Retype the records in full, keeping each character as it is.

_Source data:_
__________________________________________________

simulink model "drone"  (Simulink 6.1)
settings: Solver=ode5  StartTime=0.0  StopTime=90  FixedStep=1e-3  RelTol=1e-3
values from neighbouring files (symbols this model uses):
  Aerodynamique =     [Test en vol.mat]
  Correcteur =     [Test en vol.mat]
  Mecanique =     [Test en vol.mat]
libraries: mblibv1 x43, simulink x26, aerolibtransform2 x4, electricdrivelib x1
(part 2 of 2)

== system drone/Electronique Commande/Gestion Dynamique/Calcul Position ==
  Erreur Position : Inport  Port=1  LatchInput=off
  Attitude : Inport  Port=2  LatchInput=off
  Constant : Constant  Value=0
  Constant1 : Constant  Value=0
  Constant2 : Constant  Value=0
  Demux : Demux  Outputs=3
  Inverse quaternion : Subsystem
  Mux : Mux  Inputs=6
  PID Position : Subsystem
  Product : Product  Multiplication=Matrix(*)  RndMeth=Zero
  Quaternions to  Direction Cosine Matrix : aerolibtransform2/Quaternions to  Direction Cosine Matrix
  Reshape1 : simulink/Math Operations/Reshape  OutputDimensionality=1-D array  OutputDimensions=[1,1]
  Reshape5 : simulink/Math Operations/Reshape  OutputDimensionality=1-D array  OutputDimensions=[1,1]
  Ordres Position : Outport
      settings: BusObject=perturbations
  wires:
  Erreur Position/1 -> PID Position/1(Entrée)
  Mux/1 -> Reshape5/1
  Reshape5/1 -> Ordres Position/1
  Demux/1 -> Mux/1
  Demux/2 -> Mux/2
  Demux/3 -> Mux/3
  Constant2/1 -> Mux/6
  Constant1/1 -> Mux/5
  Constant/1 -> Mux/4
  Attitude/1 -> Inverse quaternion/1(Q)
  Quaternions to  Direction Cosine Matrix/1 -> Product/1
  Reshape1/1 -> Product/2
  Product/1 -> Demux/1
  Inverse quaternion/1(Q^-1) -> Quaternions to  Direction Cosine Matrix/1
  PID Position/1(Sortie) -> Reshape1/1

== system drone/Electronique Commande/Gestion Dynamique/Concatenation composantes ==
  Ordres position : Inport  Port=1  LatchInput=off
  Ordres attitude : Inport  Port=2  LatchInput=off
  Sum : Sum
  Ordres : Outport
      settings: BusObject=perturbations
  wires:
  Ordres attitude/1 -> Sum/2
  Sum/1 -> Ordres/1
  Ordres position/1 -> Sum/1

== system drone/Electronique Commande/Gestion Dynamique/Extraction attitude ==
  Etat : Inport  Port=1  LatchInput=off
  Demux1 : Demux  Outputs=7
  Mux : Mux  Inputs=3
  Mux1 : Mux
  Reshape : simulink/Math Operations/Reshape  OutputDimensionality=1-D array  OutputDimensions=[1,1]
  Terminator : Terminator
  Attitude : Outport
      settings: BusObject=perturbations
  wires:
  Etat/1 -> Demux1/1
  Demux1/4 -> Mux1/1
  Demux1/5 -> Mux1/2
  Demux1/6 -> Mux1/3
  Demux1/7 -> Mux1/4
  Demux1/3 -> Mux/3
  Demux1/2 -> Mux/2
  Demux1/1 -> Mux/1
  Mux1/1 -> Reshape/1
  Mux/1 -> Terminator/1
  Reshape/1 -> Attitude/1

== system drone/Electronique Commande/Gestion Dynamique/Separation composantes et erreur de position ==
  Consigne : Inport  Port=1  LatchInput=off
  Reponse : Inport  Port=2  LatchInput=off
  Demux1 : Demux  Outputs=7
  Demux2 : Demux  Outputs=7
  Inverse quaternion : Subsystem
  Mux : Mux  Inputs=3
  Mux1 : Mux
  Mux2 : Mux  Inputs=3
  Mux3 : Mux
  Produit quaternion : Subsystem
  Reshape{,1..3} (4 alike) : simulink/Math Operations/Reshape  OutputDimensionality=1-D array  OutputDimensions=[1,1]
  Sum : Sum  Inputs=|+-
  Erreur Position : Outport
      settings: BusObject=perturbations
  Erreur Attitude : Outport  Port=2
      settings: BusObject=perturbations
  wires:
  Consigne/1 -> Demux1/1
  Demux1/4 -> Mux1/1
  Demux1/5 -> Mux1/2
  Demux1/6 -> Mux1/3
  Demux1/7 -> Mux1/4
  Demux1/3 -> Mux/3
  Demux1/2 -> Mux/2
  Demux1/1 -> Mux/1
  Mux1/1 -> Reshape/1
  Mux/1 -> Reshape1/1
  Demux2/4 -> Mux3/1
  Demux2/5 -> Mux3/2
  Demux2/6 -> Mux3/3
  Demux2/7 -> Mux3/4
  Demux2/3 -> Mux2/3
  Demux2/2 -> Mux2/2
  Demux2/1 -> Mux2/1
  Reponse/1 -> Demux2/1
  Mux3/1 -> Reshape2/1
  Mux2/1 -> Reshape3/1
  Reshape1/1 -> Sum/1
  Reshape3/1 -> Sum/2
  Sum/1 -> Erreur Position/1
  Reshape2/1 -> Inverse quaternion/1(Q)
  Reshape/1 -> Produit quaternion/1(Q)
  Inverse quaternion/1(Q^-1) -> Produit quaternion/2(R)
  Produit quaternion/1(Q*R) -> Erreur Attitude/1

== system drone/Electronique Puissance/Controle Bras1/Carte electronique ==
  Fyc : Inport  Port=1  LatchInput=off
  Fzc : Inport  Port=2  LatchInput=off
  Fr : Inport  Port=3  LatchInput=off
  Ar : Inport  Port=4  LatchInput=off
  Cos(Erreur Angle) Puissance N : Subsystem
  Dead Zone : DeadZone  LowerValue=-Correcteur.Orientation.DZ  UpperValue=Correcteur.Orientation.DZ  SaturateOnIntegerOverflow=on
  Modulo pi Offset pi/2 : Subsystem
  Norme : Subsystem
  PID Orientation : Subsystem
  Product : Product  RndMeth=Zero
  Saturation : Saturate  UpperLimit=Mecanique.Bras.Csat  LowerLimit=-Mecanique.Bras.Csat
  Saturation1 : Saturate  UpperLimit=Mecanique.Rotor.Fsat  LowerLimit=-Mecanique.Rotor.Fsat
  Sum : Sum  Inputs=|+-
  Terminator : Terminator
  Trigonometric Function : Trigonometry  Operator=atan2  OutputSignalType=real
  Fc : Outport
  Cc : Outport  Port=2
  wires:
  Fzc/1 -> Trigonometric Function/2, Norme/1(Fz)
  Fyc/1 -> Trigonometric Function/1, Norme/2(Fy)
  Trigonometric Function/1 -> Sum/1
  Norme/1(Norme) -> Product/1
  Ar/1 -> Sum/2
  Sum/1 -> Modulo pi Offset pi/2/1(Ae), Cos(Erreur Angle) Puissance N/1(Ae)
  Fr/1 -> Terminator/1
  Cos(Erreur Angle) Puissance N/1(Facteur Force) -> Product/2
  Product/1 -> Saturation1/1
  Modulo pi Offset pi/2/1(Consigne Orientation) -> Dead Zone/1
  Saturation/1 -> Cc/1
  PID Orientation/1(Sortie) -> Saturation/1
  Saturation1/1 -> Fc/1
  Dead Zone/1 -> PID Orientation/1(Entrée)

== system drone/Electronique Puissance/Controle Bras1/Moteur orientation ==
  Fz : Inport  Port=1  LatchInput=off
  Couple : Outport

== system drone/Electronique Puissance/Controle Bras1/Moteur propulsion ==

__________________________________________________

_Result:_
simulink model "drone"  (Simulink 6.1)
settings: Solver=ode5  StartTime=0.0  StopTime=90  FixedStep=1e-3  RelTol=1e-3
values from neighbouring files (symbols this model uses):
  Aerodynamique =     [Test en vol.mat]
  Correcteur =     [Test en vol.mat]
  Mecanique =     [Test en vol.mat]
libraries: mblibv1 x43, simulink x26, aerolibtransform2 x4, electricdrivelib x1
(part 2 of 2)

== system drone/Electronique Commande/Gestion Dynamique/Calcul Position ==
  Erreur Position : Inport  Port=1  LatchInput=off
  Attitude : Inport  Port=2  LatchInput=off
  Constant : Constant  Value=0
  Constant1 : Constant  Value=0
  Constant2 : Constant  Value=0
  Demux : Demux  Outputs=3
  Inverse quaternion : Subsystem
  Mux : Mux  Inputs=6
  PID Position : Subsystem
  Product : Product  Multiplication=Matrix(*)  RndMeth=Zero
  Quaternions to  Direction Cosine Matrix : aerolibtransform2/Quaternions to  Direction Cosine Matrix
  Reshape1 : simulink/Math Operations/Reshape  OutputDimensionality=1-D array  OutputDimensions=[1,1]
  Reshape5 : simulink/Math Operations/Reshape  OutputDimensionality=1-D array  OutputDimensions=[1,1]
  Ordres Position : Outport
      settings: BusObject=perturbations
  wires:
  Erreur Position/1 -> PID Position/1(Entrée)
  Mux/1 -> Reshape5/1
  Reshape5/1 -> Ordres Position/1
  Demux/1 -> Mux/1
  Demux/2 -> Mux/2
  Demux/3 -> Mux/3
  Constant2/1 -> Mux/6
  Constant1/1 -> Mux/5
  Constant/1 -> Mux/4
  Attitude/1 -> Inverse quaternion/1(Q)
  Quaternions to  Direction Cosine Matrix/1 -> Product/1
  Reshape1/1 -> Product/2
  Product/1 -> Demux/1
  Inverse quaternion/1(Q^-1) -> Quaternions to  Direction Cosine Matrix/1
  PID Position/1(Sortie) -> Reshape1/1

== system drone/Electronique Commande/Gestion Dynamique/Concatenation composantes ==
  Ordres position : Inport  Port=1  LatchInput=off
  Ordres attitude : Inport  Port=2  LatchInput=off
  Sum : Sum
  Ordres : Outport
      settings: BusObject=perturbations
  wires:
  Ordres attitude/1 -> Sum/2
  Sum/1 -> Ordres/1
  Ordres position/1 -> Sum/1

== system drone/Electronique Commande/Gestion Dynamique/Extraction attitude ==
  Etat : Inport  Port=1  LatchInput=off
  Demux1 : Demux  Outputs=7
  Mux : Mux  Inputs=3
  Mux1 : Mux
  Reshape : simulink/Math Operations/Reshape  OutputDimensionality=1-D array  OutputDimensions=[1,1]
  Terminator : Terminator
  Attitude : Outport
      settings: BusObject=perturbations
  wires:
  Etat/1 -> Demux1/1
  Demux1/4 -> Mux1/1
  Demux1/5 -> Mux1/2
  Demux1/6 -> Mux1/3
  Demux1/7 -> Mux1/4
  Demux1/3 -> Mux/3
  Demux1/2 -> Mux/2
  Demux1/1 -> Mux/1
  Mux1/1 -> Reshape/1
  Mux/1 -> Terminator/1
  Reshape/1 -> Attitude/1

== system drone/Electronique Commande/Gestion Dynamique/Separation composantes et erreur de position ==
  Consigne : Inport  Port=1  LatchInput=off
  Reponse : Inport  Port=2  LatchInput=off
  Demux1 : Demux  Outputs=7
  Demux2 : Demux  Outputs=7
  Inverse quaternion : Subsystem
  Mux : Mux  Inputs=3
  Mux1 : Mux
  Mux2 : Mux  Inputs=3
  Mux3 : Mux
  Produit quaternion : Subsystem
  Reshape{,1..3} (4 alike) : simulink/Math Operations/Reshape  OutputDimensionality=1-D array  OutputDimensions=[1,1]
  Sum : Sum  Inputs=|+-
  Erreur Position : Outport
      settings: BusObject=perturbations
  Erreur Attitude : Outport  Port=2
      settings: BusObject=perturbations
  wires:
  Consigne/1 -> Demux1/1
  Demux1/4 -> Mux1/1
  Demux1/5 -> Mux1/2
  Demux1/6 -> Mux1/3
  Demux1/7 -> Mux1/4
  Demux1/3 -> Mux/3
  Demux1/2 -> Mux/2
  Demux1/1 -> Mux/1
  Mux1/1 -> Reshape/1
  Mux/1 -> Reshape1/1
  Demux2/4 -> Mux3/1
  Demux2/5 -> Mux3/2
  Demux2/6 -> Mux3/3
  Demux2/7 -> Mux3/4
  Demux2/3 -> Mux2/3
  Demux2/2 -> Mux2/2
  Demux2/1 -> Mux2/1
  Reponse/1 -> Demux2/1
  Mux3/1 -> Reshape2/1
  Mux2/1 -> Reshape3/1
  Reshape1/1 -> Sum/1
  Reshape3/1 -> Sum/2
  Sum/1 -> Erreur Position/1
  Reshape2/1 -> Inverse quaternion/1(Q)
  Reshape/1 -> Produit quaternion/1(Q)
  Inverse quaternion/1(Q^-1) -> Produit quaternion/2(R)
  Produit quaternion/1(Q*R) -> Erreur Attitude/1

== system drone/Electronique Puissance/Controle Bras1/Carte electronique ==
  Fyc : Inport  Port=1  LatchInput=off
  Fzc : Inport  Port=2  LatchInput=off
  Fr : Inport  Port=3  LatchInput=off
  Ar : Inport  Port=4  LatchInput=off
  Cos(Erreur Angle) Puissance N : Subsystem
  Dead Zone : DeadZone  LowerValue=-Correcteur.Orientation.DZ  UpperValue=Correcteur.Orientation.DZ  SaturateOnIntegerOverflow=on
  Modulo pi Offset pi/2 : Subsystem
  Norme : Subsystem
  PID Orientation : Subsystem
  Product : Product  RndMeth=Zero
  Saturation : Saturate  UpperLimit=Mecanique.Bras.Csat  LowerLimit=-Mecanique.Bras.Csat
  Saturation1 : Saturate  UpperLimit=Mecanique.Rotor.Fsat  LowerLimit=-Mecanique.Rotor.Fsat
  Sum : Sum  Inputs=|+-
  Terminator : Terminator
  Trigonometric Function : Trigonometry  Operator=atan2  OutputSignalType=real
  Fc : Outport
  Cc : Outport  Port=2
  wires:
  Fzc/1 -> Trigonometric Function/2, Norme/1(Fz)
  Fyc/1 -> Trigonometric Function/1, Norme/2(Fy)
  Trigonometric Function/1 -> Sum/1
  Norme/1(Norme) -> Product/1
  Ar/1 -> Sum/2
  Sum/1 -> Modulo pi Offset pi/2/1(Ae), Cos(Erreur Angle) Puissance N/1(Ae)
  Fr/1 -> Terminator/1
  Cos(Erreur Angle) Puissance N/1(Facteur Force) -> Product/2
  Product/1 -> Saturation1/1
  Modulo pi Offset pi/2/1(Consigne Orientation) -> Dead Zone/1
  Saturation/1 -> Cc/1
  PID Orientation/1(Sortie) -> Saturation/1
  Saturation1/1 -> Fc/1
  Dead Zone/1 -> PID Orientation/1(Entrée)

== system drone/Electronique Puissance/Controle Bras1/Moteur orientation ==
  Fz : Inport  Port=1  LatchInput=off
  Couple : Outport

== system drone/Electronique Puissance/Controle Bras1/Moteur propulsion ==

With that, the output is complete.